Side Effects of Chemotherapy

Side effects occur with all chemotherapeutic drugs; they are more severe with higher doses and increase over the course of treatment. Because cancer cells grow and divide rapidly, anticancer drugs work by killing fast-growing cells. This means that healthy cells that multiply quickly can also be affected. The fast-growing normal cells most likely to be affected are blood cells forming in the bone marrow, and cells in the digestive tract, reproductive system, and hair follicles.

Side effects vary specifically with different drugs, but, in general, they include the following:

• Nausea and vomiting. Drugs are available to significantly reduce these dreaded side effects. Serotonin antagonists, especially ondansetron (Zofran), can relieve these side effects in nearly all patients given moderate drugs and most patients who take more powerful drugs. In one study, a combination of dexamethasone (a corticosteroid) with ondansetron taken within 24 hours of chemotherapy achieved either a major or complete reduction in nausea and vomiting.
• Diarrhea (very common with 5-FU).
• Temporary hair loss (usually minimal with 5-FU).
• Weight loss.
• Mouth ulcers.
• Pain and redness of the hands and feet.
• Fatigue.
• Anemia.
• Depression.

These side effects are nearly always temporary, and medications are available to help manage them. Most patients are able to continue with normal activities for all but perhaps one or two days a month.

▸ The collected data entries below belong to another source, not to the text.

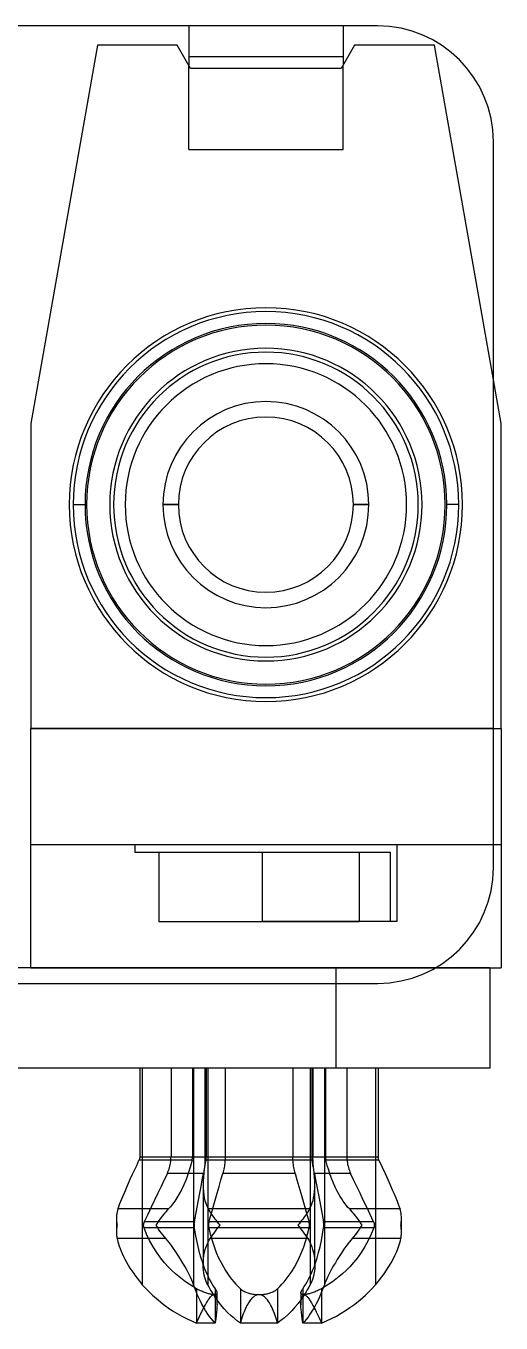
# Model space of a CAD drawing. Header units: millimetres. Extents: x -15.5 to 15.5, y -10.6 to 6.2.
# Drawn here: x 9.38 to 15.54, y -10.6 to 6.2 of the extents above; entities that cross this region are included whole.
import ezdxf

# ---------------------------------------------------------------- set-up
doc = ezdxf.new("R2010")
doc.units = ezdxf.units.MM
doc.layers.add('MAIN-1', color=7, linetype='Continuous')
doc.layers.add('MAIN-2', color=7, linetype='Continuous')

# ---------------------------------------------------------------- blocks, each defined once
blk = doc.blocks.new('D-Sub 1-338168-2 Front')
at = {"layer": 'MAIN-1'}
for p, q in [((26.44, 13.5), (18.98, 13.5)), ((27.94, 2.6), (27.94, 12)), ((28.04, 8.35), (27.94, 8.917)), ((28.04, 4.4), (28.04, 8.35)), ((23.855, 7.3), (23.655, 7.3)), ((26.125, 7.3), (26.325, 7.3)), ((27.94, 4.4), (28.04, 4.4)), ((28.04, 4.4), (28.04, 1.3)), ((27.894, 1.3), (27.188, 1.3)), ((27.894, 1.3), (28.04, 1.3)), ((27.895, 1.3), (27.895, 0)), ((14.87, 1.1), (26.44, 1.1)), ((25.895, 1.1), (25.895, 0)), ((25.895, 0), (20.209, 0)), ((23.353, 0), (23.353, -1.15)), ((24.037, 0), (24.037, -1.15)), ((24.052, 0), (24.052, -2.803)), ((24.2, 0), (24.2, -1.15)), ((24.216, 0), (24.216, -1.15)), ((24.235, 0), (24.235, -2.689)), ((24.46, 0), (24.46, -1.15)), ((25.34, 0), (25.34, -1.15)), ((25.565, 0), (25.565, -2.689)), ((25.584, 0), (25.584, -1.15)), ((25.6, 0), (25.6, -1.15)), ((25.748, 0), (25.748, -2.803)), ((25.763, 0), (25.763, -1.15)), ((27.895, 0), (25.895, 0)), ((26.447, 0), (26.447, -1.15)), ((23.351, -1.174), (23.35, -1.177)), ((23.352, -1.166), (23.351, -1.17)), ((23.351, -1.17), (23.351, -1.174)), ((23.353, -1.162), (23.352, -1.166)), ((23.353, -1.15), (23.353, -1.154)), ((24.037, -1.15), (23.353, -1.15)), ((23.353, -1.154), (23.353, -1.158)), ((23.353, -1.158), (23.353, -1.162)), ((24.035, -1.177), (24.036, -1.174)), ((24.036, -1.17), (24.037, -1.166)), ((24.036, -1.174), (24.036, -1.17)), ((24.037, -1.154), (24.037, -1.15)), ((24.037, -1.158), (24.037, -1.154)), ((24.037, -1.162), (24.037, -1.158)), ((24.037, -1.166), (24.037, -1.162)), ((24.2, -1.17), (24.199, -1.189)), ((24.2, -1.15), (24.2, -1.17)), ((24.214, -1.177), (24.215, -1.174)), ((24.215, -1.166), (24.216, -1.162)), ((24.215, -1.17), (24.215, -1.166)), ((24.215, -1.174), (24.215, -1.17)), ((24.216, -1.154), (24.216, -1.15)), ((24.216, -1.158), (24.216, -1.154)), ((24.216, -1.162), (24.216, -1.158)), ((24.46, -1.17), (24.459, -1.189)), ((25.34, -1.15), (24.46, -1.15)), ((24.46, -1.15), (24.46, -1.17)), ((25.34, -1.17), (25.34, -1.15)), ((25.341, -1.189), (25.34, -1.17)), ((25.584, -1.15), (25.584, -1.154)), ((25.584, -1.154), (25.584, -1.158)), ((25.584, -1.158), (25.584, -1.162)), ((25.584, -1.162), (25.585, -1.166)), ((25.585, -1.166), (25.585, -1.17)), ((25.585, -1.17), (25.585, -1.174)), ((25.585, -1.174), (25.586, -1.177)), ((25.6, -1.17), (25.6, -1.15)), ((25.601, -1.189), (25.6, -1.17)), ((26.447, -1.15), (25.763, -1.15)), ((25.763, -1.15), (25.763, -1.154)), ((25.763, -1.154), (25.763, -1.158)), ((25.763, -1.158), (25.763, -1.162)), ((25.763, -1.162), (25.763, -1.166)), ((25.763, -1.166), (25.764, -1.17)), ((25.764, -1.17), (25.764, -1.174)), ((25.764, -1.174), (25.765, -1.177)), ((26.447, -1.154), (26.447, -1.15)), ((26.447, -1.158), (26.447, -1.154)), ((26.447, -1.162), (26.447, -1.158)), ((26.448, -1.166), (26.447, -1.162)), ((26.449, -1.17), (26.448, -1.166)), ((26.449, -1.174), (26.449, -1.17)), ((26.45, -1.177), (26.449, -1.174)), ((23.257, -1.381), (23.284, -1.321)), ((23.284, -1.321), (23.314, -1.258)), ((23.314, -1.258), (23.344, -1.192)), ((23.346, -1.189), (23.344, -1.192)), ((24.033, -1.192), (23.344, -1.192)), ((23.347, -1.185), (23.346, -1.189)), ((23.348, -1.181), (23.347, -1.185)), ((23.35, -1.177), (23.348, -1.181)), ((24.009, -1.279), (23.982, -1.363)), ((24.033, -1.192), (24.009, -1.279)), ((24.033, -1.189), (24.034, -1.185)), ((24.033, -1.192), (24.033, -1.189)), ((24.034, -1.185), (24.035, -1.181)), ((24.035, -1.181), (24.035, -1.177)), ((24.184, -1.343), (24.181, -1.361)), ((24.191, -1.305), (24.183, -1.359)), ((24.187, -1.325), (24.184, -1.343)), ((24.19, -1.306), (24.187, -1.325)), ((24.192, -1.287), (24.19, -1.306)), ((24.2, -1.249), (24.191, -1.305)), ((24.194, -1.268), (24.192, -1.287)), ((24.196, -1.248), (24.194, -1.268)), ((24.198, -1.229), (24.196, -1.248)), ((24.199, -1.209), (24.198, -1.229)), ((24.199, -1.189), (24.199, -1.209)), ((24.211, -1.192), (24.2, -1.249)), ((24.211, -1.192), (24.212, -1.189)), ((24.212, -1.189), (24.213, -1.185)), ((24.213, -1.185), (24.214, -1.181)), ((24.214, -1.181), (24.214, -1.177)), ((24.436, -1.343), (24.431, -1.361)), ((24.44, -1.325), (24.436, -1.343)), ((24.444, -1.306), (24.44, -1.325)), ((24.448, -1.287), (24.444, -1.306)), ((24.451, -1.268), (24.448, -1.287)), ((24.454, -1.248), (24.451, -1.268)), ((24.456, -1.229), (24.454, -1.248)), ((24.458, -1.209), (24.456, -1.229)), ((24.459, -1.189), (24.458, -1.209)), ((25.342, -1.209), (25.341, -1.189)), ((25.344, -1.229), (25.342, -1.209)), ((25.346, -1.248), (25.344, -1.229)), ((25.349, -1.268), (25.346, -1.248)), ((25.352, -1.287), (25.349, -1.268)), ((25.356, -1.306), (25.352, -1.287)), ((25.36, -1.325), (25.356, -1.306)), ((25.364, -1.343), (25.36, -1.325)), ((25.369, -1.361), (25.364, -1.343)), ((25.586, -1.177), (25.586, -1.181)), ((25.586, -1.181), (25.587, -1.185)), ((25.587, -1.185), (25.588, -1.189)), ((25.588, -1.189), (25.589, -1.192)), ((25.6, -1.25), (25.589, -1.192)), ((25.61, -1.306), (25.6, -1.25)), ((25.601, -1.209), (25.601, -1.189)), ((25.602, -1.229), (25.601, -1.209)), ((25.604, -1.248), (25.602, -1.229)), ((25.606, -1.268), (25.604, -1.248)), ((25.608, -1.287), (25.606, -1.268)), ((25.61, -1.306), (25.608, -1.287)), ((25.613, -1.325), (25.61, -1.306)), ((25.617, -1.36), (25.61, -1.306)), ((25.616, -1.343), (25.613, -1.325)), ((25.619, -1.361), (25.616, -1.343)), ((25.765, -1.177), (25.765, -1.181)), ((25.765, -1.181), (25.766, -1.185)), ((25.766, -1.185), (25.767, -1.189)), ((25.767, -1.189), (25.767, -1.192)), ((25.785, -1.258), (25.767, -1.192)), ((26.456, -1.192), (25.767, -1.192)), ((25.804, -1.321), (25.785, -1.258)), ((25.824, -1.381), (25.804, -1.321)), ((26.452, -1.181), (26.45, -1.177)), ((26.453, -1.185), (26.452, -1.181)), ((26.454, -1.189), (26.453, -1.185)), ((26.456, -1.192), (26.454, -1.189)), ((26.456, -1.192), (26.496, -1.279)), ((26.496, -1.279), (26.535, -1.363)), ((23.186, -1.538), (23.208, -1.489)), ((23.208, -1.489), (23.231, -1.437)), ((23.231, -1.437), (23.257, -1.381)), ((23.924, -1.51), (23.894, -1.573)), ((23.954, -1.44), (23.924, -1.51)), ((23.982, -1.363), (23.954, -1.44)), ((24.149, -1.531), (24.165, -1.445)), ((24.165, -1.445), (24.181, -1.361)), ((24.176, -1.458), (24.175, -1.503)), ((24.175, -1.503), (24.175, -2.543)), ((24.179, -1.41), (24.176, -1.458)), ((24.183, -1.359), (24.179, -1.41)), ((24.382, -1.531), (24.407, -1.445)), ((24.407, -1.445), (24.431, -1.361)), ((25.369, -1.361), (24.431, -1.361)), ((25.369, -1.361), (25.393, -1.445)), ((25.393, -1.445), (25.418, -1.531)), ((25.621, -1.411), (25.617, -1.36)), ((25.619, -1.361), (25.635, -1.445)), ((25.624, -1.459), (25.621, -1.411)), ((25.625, -1.503), (25.624, -1.459)), ((25.625, -2.543), (25.625, -1.503)), ((25.635, -1.445), (25.651, -1.531)), ((25.845, -1.437), (25.824, -1.381)), ((25.867, -1.489), (25.845, -1.437)), ((25.889, -1.538), (25.867, -1.489)), ((26.535, -1.363), (26.57, -1.44)), ((26.57, -1.44), (26.601, -1.51)), ((26.601, -1.51), (26.629, -1.573)), ((23.12, -1.693), (23.134, -1.659)), ((23.134, -1.659), (23.15, -1.622)), ((23.15, -1.622), (23.167, -1.582)), ((23.167, -1.582), (23.186, -1.538)), ((23.835, -1.678), (23.807, -1.721)), ((23.865, -1.627), (23.835, -1.678)), ((23.894, -1.573), (23.865, -1.627)), ((24.116, -1.709), (24.132, -1.619)), ((24.132, -1.619), (24.149, -1.531)), ((24.331, -1.709), (24.357, -1.619)), ((24.357, -1.619), (24.382, -1.531)), ((25.418, -1.531), (25.443, -1.619)), ((25.443, -1.619), (25.469, -1.709)), ((25.651, -1.531), (25.667, -1.619)), ((25.667, -1.619), (25.684, -1.709)), ((25.911, -1.582), (25.889, -1.538)), ((25.932, -1.622), (25.911, -1.582)), ((25.953, -1.659), (25.932, -1.622)), ((25.974, -1.693), (25.953, -1.659)), ((26.629, -1.573), (26.653, -1.627)), ((26.653, -1.627), (26.674, -1.678)), ((26.674, -1.678), (26.692, -1.721)), ((23.065, -1.841), (23.06, -1.861)), ((23.071, -1.822), (23.065, -1.841)), ((23.071, -1.822), (23.078, -1.802)), ((23.728, -1.822), (23.071, -1.822)), ((23.078, -1.802), (23.086, -1.778)), ((23.086, -1.778), (23.097, -1.751)), ((23.097, -1.751), (23.108, -1.723)), ((23.108, -1.723), (23.12, -1.693)), ((23.696, -1.858), (23.712, -1.84)), ((23.712, -1.84), (23.728, -1.822)), ((23.752, -1.795), (23.728, -1.822)), ((23.779, -1.76), (23.752, -1.795)), ((23.807, -1.721), (23.779, -1.76)), ((24.081, -1.895), (24.098, -1.801)), ((24.098, -1.801), (24.116, -1.709)), ((24.278, -1.895), (24.305, -1.801)), ((24.305, -1.801), (24.331, -1.709)), ((25.469, -1.709), (25.495, -1.801)), ((25.495, -1.801), (25.522, -1.895)), ((25.684, -1.709), (25.702, -1.801)), ((25.702, -1.801), (25.719, -1.895)), ((25.994, -1.723), (25.974, -1.693)), ((26.014, -1.751), (25.994, -1.723)), ((26.035, -1.778), (26.014, -1.751)), ((26.054, -1.802), (26.035, -1.778)), ((26.072, -1.822), (26.054, -1.802)), ((26.072, -1.822), (26.088, -1.84)), ((26.729, -1.822), (26.072, -1.822)), ((26.088, -1.84), (26.104, -1.858)), ((26.692, -1.721), (26.707, -1.76)), ((26.707, -1.76), (26.72, -1.795)), ((26.72, -1.795), (26.729, -1.822)), ((26.735, -1.841), (26.729, -1.822)), ((26.74, -1.861), (26.735, -1.841)), ((23.054, -1.901), (23.052, -1.922)), ((23.052, -1.922), (23.052, -1.944)), ((23.052, -1.944), (23.052, -2.124)), ((23.052, -1.944), (23.052, -1.958)), ((23.052, -1.958), (23.053, -1.973)), ((23.053, -1.973), (23.054, -1.988)), ((23.057, -1.881), (23.054, -1.901)), ((23.054, -1.988), (23.056, -2.003)), ((23.056, -2.003), (23.058, -2.018)), ((23.06, -1.861), (23.057, -1.881)), ((23.566, -2.034), (23.578, -2.013)), ((23.578, -2.013), (23.592, -1.993)), ((23.592, -1.993), (23.605, -1.973)), ((23.605, -1.973), (23.619, -1.953)), ((23.619, -1.953), (23.634, -1.934)), ((23.634, -1.934), (23.649, -1.914)), ((23.649, -1.914), (23.665, -1.895)), ((23.665, -1.895), (23.68, -1.876)), ((23.68, -1.876), (23.696, -1.858)), ((24.061, -2.004), (24.06, -2.008)), ((24.06, -2.008), (24.06, -2.012)), ((24.06, -2.012), (24.06, -2.016)), ((24.062, -1.995), (24.061, -1.999)), ((24.061, -1.999), (24.061, -2.004)), ((24.063, -1.991), (24.062, -1.995)), ((24.063, -1.991), (24.081, -1.895)), ((24.247, -2.008), (24.246, -2.012)), ((24.246, -2.012), (24.246, -2.016)), ((24.248, -2.004), (24.247, -2.008)), ((24.249, -1.999), (24.248, -2.004)), ((24.25, -1.995), (24.249, -1.999)), ((24.251, -1.991), (24.25, -1.995)), ((24.251, -1.991), (24.278, -1.895)), ((25.549, -1.991), (24.251, -1.991)), ((25.522, -1.895), (25.549, -1.991)), ((25.55, -1.995), (25.549, -1.991)), ((25.551, -1.999), (25.55, -1.995)), ((25.552, -2.004), (25.551, -1.999)), ((25.553, -2.008), (25.552, -2.004)), ((25.554, -2.012), (25.553, -2.008)), ((25.554, -2.016), (25.554, -2.012)), ((25.719, -1.895), (25.737, -1.991)), ((25.738, -1.995), (25.737, -1.991)), ((25.739, -1.999), (25.738, -1.995)), ((25.739, -2.004), (25.739, -1.999)), ((25.74, -2.008), (25.739, -2.004)), ((25.74, -2.012), (25.74, -2.008)), ((25.74, -2.016), (25.74, -2.012)), ((26.104, -1.858), (26.12, -1.876)), ((26.12, -1.876), (26.135, -1.895)), ((26.135, -1.895), (26.151, -1.914)), ((26.151, -1.914), (26.166, -1.934)), ((26.166, -1.934), (26.181, -1.953)), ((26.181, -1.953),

More serious complications can also occur and may vary depending on the specific agents used. They include the following:

• Increased chance for infection (from suppression of the immune system).
• Bleeding.

Targeted Therapies and Biologics

One of the most promising recent developments in cancer treatment research has been the emergence of so-called "targeted therapies". Traditional chemotherapeutic agents can be effective, but because they do not distinguish between healthy and cancerous cells their generalized toxicity can cause severe side effects. Targeted therapies work on a molecular level by blocking specific mechanisms associated with cancer cell growth and division. Because they selectively target cancerous cells, they may induce less severe side effects. In addition, these drugs hold the promise of creating options for more individualized cancer treatment based on a patient's genotype. In the future, diagnostic tests may help doctors identify which patients are more likely to respond successfully to specific drugs.

Biologic therapies use the body's immune system to attack the cancer (immunotherapy). These drugs are derived from biological sources and include vaccines, monoclonal antibodies (MAbs), and gene therapies. Many targeted therapies are classified as biologics.

Targeted therapies involve many different types of drugs and molecular pathways. These include:

Angiogenesis Inhibitors. Anti-angiogenesis drugs inhibit the formation of new blood vessels that supply tumors with the blood, oxygen, and nutrients vital to tumor growth. Angiogenesis inhibitors, such as the monoclonal antibody bevacizumab (Avastin), target vascular endothelial growth factor (VEGF).

Tumor Growth Factor Inhibitors. Tumor growth factors, such as epidermal growth factor, stimulate cell growth. Drugs that target the epidermal growth factor receptor (EGFR) include the recently approved cetixumab (Erbitux).

Tyrosine Kinase Inhibitors. Tyrosine kinase is an enzyme associated with EGFR that is involved with the signaling mechanisms that prompt cell growth. Clinical trials are currently investigating the use of the lung cancer drug gefitinib (Iressa), in combination with oxaliplatin and standard chemotherapy agents, for the treatment of advanced colorectal cancer. Gefitinib blocks tyrosine kinase growth signaling capacities. Similarly, the EGFR/tyosine kinase inhibitor erlotinib (Tarceva), which is in late-stage trials for the treatment of pancreatic and lung cancer, is also being investigated as an adjuvant treatment for metastatic colorectal cancer.

Vaccines. ALVAC is an experimental vaccine derived from the canarypox virus. It is designed to trigger the body's immune system to fight cancer cells. It is currently in early-stage clinical trials to determine its efficacy in combination with chemotherapy for treatment of metastatic colorectal cancer.